Task goal:
When a line of the entries contains "millimetres", please list that line.
:: Entries provided ::
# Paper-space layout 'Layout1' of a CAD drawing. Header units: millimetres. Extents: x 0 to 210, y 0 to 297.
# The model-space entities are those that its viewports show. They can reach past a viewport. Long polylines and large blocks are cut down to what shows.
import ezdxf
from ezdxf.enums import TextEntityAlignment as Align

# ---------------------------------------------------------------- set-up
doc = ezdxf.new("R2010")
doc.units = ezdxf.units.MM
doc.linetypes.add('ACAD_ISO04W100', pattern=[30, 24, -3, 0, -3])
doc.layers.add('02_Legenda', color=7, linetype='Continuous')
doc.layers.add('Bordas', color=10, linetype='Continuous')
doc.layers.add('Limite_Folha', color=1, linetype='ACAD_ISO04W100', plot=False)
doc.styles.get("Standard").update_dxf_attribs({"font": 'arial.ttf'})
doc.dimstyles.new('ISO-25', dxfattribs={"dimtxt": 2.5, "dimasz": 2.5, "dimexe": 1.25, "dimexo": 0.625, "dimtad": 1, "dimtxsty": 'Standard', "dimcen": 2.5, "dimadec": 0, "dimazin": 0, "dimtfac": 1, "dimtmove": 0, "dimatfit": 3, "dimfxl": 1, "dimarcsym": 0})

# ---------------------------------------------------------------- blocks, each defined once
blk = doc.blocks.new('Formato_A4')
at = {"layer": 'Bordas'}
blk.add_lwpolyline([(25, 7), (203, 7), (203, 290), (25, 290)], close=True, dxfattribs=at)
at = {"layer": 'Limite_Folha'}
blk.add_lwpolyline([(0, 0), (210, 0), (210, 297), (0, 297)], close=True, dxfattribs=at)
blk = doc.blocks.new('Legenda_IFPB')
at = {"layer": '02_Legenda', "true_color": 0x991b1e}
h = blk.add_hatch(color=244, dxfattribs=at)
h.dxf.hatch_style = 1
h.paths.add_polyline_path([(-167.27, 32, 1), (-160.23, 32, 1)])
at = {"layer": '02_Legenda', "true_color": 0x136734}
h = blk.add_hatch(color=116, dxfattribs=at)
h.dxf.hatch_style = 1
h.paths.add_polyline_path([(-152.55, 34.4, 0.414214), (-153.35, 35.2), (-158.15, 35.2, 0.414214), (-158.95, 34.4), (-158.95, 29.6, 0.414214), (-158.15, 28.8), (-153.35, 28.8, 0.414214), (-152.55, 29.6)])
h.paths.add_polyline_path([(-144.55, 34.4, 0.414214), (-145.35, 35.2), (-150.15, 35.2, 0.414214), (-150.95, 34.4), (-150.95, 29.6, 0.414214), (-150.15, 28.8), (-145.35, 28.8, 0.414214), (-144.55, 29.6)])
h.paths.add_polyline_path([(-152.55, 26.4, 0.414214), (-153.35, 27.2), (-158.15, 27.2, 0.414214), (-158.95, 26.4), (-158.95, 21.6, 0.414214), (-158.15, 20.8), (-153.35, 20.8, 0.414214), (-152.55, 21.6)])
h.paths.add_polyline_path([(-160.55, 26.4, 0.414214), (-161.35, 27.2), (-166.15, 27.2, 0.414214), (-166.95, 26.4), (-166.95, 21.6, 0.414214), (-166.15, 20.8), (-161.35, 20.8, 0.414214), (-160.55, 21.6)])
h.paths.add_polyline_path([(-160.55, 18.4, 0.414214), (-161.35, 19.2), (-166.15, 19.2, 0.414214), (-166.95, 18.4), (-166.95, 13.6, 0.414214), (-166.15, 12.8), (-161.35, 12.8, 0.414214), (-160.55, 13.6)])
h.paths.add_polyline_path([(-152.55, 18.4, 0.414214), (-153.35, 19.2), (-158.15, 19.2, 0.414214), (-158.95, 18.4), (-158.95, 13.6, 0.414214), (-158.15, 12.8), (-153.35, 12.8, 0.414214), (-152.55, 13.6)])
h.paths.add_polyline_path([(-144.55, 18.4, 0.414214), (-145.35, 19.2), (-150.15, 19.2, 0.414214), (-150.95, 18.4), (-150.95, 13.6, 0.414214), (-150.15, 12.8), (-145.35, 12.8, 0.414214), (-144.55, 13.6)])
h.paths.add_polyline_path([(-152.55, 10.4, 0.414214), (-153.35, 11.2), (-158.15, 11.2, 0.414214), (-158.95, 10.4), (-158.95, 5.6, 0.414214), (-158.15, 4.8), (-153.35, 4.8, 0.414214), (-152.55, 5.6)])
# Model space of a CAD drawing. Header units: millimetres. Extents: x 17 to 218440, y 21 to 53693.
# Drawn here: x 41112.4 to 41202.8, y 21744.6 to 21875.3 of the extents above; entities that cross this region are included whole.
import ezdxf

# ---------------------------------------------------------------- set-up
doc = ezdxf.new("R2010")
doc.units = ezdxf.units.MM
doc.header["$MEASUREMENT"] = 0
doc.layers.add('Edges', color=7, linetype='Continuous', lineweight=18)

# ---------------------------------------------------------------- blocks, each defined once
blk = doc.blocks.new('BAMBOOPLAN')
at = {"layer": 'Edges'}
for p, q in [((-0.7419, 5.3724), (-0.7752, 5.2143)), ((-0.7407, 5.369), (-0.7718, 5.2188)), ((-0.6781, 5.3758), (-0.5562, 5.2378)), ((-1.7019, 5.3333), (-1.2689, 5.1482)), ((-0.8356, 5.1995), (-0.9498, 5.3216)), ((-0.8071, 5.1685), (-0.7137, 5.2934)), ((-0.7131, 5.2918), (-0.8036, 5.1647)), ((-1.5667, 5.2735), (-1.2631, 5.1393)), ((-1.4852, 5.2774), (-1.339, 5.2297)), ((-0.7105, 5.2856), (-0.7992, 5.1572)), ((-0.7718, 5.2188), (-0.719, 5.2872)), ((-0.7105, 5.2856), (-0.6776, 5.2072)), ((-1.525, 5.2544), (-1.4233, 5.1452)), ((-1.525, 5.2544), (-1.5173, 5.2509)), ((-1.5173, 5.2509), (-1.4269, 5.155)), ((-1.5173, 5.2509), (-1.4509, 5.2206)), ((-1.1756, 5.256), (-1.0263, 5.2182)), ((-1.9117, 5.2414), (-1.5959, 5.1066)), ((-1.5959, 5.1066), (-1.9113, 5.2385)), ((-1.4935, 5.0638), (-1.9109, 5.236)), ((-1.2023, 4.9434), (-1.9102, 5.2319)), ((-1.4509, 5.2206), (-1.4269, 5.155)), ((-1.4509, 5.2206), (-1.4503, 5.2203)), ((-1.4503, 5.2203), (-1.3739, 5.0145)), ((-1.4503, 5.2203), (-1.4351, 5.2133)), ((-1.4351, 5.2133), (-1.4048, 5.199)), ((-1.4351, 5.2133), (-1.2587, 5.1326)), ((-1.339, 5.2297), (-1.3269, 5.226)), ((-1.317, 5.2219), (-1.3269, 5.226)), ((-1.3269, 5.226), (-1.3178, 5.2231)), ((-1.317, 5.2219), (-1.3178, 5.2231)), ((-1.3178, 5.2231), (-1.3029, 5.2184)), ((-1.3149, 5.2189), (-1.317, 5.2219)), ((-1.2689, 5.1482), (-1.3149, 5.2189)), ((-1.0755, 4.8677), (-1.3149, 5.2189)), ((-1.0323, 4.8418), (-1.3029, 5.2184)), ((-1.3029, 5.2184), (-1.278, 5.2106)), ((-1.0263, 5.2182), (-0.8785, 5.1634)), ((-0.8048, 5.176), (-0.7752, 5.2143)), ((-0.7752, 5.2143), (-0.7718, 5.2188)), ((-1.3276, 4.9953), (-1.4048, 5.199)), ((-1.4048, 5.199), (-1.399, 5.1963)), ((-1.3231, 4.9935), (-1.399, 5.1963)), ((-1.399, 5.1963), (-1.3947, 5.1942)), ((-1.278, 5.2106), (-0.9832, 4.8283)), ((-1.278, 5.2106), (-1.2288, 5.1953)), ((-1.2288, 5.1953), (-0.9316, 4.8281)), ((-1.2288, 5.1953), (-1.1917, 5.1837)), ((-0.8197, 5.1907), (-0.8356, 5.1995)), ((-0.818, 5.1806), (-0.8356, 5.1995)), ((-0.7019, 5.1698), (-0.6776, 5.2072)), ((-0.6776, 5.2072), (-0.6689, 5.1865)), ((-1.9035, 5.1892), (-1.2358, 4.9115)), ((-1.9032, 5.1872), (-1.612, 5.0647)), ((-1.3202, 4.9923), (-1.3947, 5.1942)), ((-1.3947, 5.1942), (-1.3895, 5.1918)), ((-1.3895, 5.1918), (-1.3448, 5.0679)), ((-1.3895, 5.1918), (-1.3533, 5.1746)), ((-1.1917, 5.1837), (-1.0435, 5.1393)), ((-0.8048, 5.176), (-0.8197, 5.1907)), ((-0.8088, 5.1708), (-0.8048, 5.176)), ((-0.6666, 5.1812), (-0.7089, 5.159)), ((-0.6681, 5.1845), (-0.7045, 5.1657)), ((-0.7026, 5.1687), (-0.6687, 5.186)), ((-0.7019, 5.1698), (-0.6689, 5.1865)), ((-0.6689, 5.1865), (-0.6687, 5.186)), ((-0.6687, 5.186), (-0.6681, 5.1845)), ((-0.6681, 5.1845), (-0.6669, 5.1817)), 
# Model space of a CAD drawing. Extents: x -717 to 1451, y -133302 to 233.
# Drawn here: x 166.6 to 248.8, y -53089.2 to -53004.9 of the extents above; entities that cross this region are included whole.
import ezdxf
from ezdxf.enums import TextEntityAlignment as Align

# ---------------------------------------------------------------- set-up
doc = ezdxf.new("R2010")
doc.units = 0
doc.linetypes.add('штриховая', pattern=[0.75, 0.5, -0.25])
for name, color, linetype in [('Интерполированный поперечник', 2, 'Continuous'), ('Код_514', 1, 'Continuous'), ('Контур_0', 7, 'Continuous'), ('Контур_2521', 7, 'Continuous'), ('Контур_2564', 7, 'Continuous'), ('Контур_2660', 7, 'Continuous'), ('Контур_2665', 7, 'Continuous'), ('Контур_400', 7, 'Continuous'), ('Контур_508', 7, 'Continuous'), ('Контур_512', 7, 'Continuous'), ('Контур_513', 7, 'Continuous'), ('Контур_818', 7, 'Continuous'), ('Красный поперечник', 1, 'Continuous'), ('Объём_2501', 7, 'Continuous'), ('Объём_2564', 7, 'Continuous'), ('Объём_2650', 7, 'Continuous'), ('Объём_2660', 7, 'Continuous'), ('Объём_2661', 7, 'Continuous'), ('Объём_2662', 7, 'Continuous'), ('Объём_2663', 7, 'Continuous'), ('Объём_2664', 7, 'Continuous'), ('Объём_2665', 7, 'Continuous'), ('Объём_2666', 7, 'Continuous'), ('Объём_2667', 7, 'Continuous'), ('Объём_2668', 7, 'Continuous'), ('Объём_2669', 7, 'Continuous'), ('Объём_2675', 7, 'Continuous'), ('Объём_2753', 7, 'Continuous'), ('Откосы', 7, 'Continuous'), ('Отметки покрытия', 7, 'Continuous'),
:::
Result of the exercise:
# Paper-space layout 'Layout1' of a CAD drawing. Header units: millimetres. Extents: x 0 to 210, y 0 to 297.
# Model space of a CAD drawing. Header units: millimetres. Extents: x 17 to 218440, y 21 to 53693.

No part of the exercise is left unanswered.